Provided data:
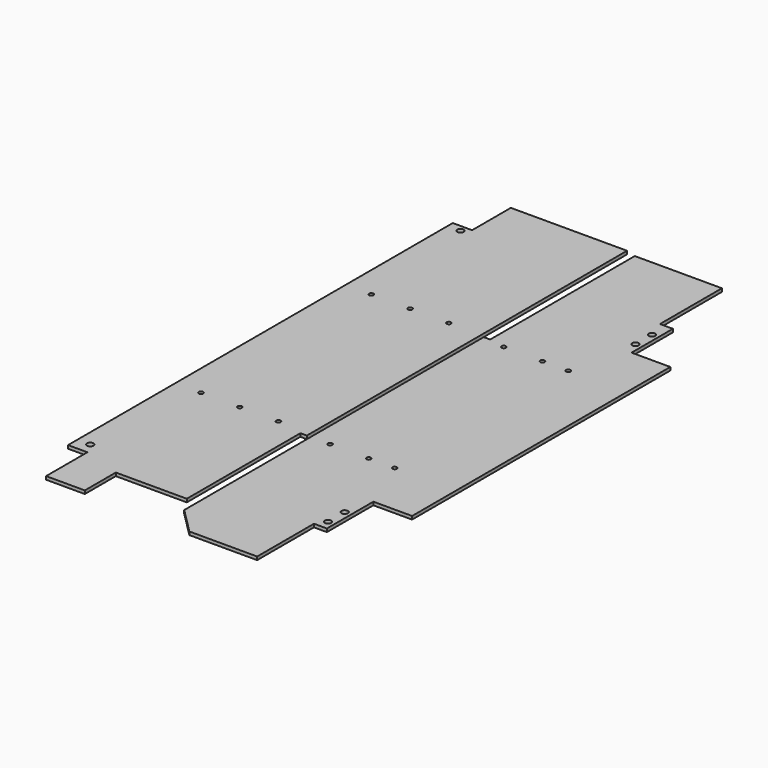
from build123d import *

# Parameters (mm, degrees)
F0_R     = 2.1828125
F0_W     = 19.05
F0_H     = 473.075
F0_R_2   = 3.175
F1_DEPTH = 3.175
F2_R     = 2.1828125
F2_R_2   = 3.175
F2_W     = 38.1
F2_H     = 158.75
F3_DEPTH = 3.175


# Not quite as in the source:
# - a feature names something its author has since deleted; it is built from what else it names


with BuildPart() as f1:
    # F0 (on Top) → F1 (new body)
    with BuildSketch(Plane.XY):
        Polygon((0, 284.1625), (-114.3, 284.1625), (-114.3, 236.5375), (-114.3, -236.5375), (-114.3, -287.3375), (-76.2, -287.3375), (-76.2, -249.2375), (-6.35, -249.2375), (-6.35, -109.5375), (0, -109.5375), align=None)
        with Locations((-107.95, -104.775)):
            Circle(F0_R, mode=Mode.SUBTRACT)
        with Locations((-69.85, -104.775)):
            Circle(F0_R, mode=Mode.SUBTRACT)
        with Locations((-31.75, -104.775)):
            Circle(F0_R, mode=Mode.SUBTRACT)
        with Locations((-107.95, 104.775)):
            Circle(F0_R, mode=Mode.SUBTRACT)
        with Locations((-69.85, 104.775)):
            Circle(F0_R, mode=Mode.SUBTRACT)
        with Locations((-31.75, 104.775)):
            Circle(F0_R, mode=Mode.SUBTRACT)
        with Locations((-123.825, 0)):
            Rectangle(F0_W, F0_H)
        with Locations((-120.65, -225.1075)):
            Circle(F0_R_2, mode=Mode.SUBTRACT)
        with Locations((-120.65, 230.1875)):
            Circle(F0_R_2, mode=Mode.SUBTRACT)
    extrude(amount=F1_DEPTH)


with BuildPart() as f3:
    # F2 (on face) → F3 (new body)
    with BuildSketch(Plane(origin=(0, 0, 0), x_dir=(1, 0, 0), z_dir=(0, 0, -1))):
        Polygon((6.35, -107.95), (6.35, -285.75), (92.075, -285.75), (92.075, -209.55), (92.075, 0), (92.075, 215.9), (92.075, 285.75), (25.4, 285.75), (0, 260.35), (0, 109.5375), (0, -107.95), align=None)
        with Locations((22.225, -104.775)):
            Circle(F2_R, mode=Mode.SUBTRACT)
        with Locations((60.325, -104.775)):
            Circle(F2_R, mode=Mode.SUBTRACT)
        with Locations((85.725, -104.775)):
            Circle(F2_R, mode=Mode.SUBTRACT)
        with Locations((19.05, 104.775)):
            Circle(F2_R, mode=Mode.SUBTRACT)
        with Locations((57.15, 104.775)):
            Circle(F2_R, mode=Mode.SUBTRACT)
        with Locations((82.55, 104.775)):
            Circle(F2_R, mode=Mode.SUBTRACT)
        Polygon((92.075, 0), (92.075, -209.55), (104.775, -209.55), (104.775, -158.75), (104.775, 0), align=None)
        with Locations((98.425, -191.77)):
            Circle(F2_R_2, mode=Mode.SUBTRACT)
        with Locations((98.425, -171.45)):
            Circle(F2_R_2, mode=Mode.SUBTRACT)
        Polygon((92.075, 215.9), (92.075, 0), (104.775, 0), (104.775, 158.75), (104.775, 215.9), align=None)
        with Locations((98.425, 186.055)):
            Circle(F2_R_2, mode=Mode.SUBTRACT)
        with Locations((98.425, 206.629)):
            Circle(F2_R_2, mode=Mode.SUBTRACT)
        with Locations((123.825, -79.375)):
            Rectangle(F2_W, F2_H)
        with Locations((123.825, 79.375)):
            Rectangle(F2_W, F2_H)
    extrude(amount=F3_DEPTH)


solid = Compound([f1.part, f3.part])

What you have to do: From the listing above, work out how many lines hold "Plane". The answer is the number and nothing more.

Solved problem: 2